Collection entries
^^^^^^^^
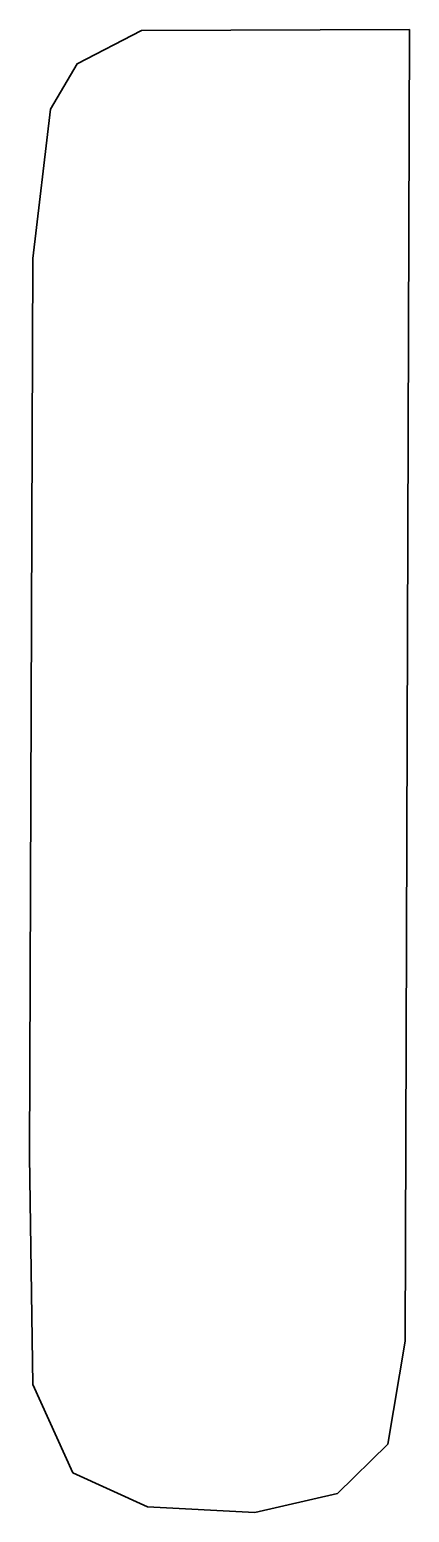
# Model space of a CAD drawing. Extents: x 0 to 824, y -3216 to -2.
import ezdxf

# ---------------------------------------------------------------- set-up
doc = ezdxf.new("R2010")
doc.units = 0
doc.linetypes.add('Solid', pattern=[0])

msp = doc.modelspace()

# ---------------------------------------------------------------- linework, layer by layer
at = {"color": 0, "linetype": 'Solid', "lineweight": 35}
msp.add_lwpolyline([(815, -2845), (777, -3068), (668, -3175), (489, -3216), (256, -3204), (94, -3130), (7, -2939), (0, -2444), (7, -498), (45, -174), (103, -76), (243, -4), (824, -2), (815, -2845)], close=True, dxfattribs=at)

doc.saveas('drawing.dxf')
^^^^^^^^
**Task item:** Please give the number of lines above that include the string "drawing", with nothing added.

**Expected answer:** 2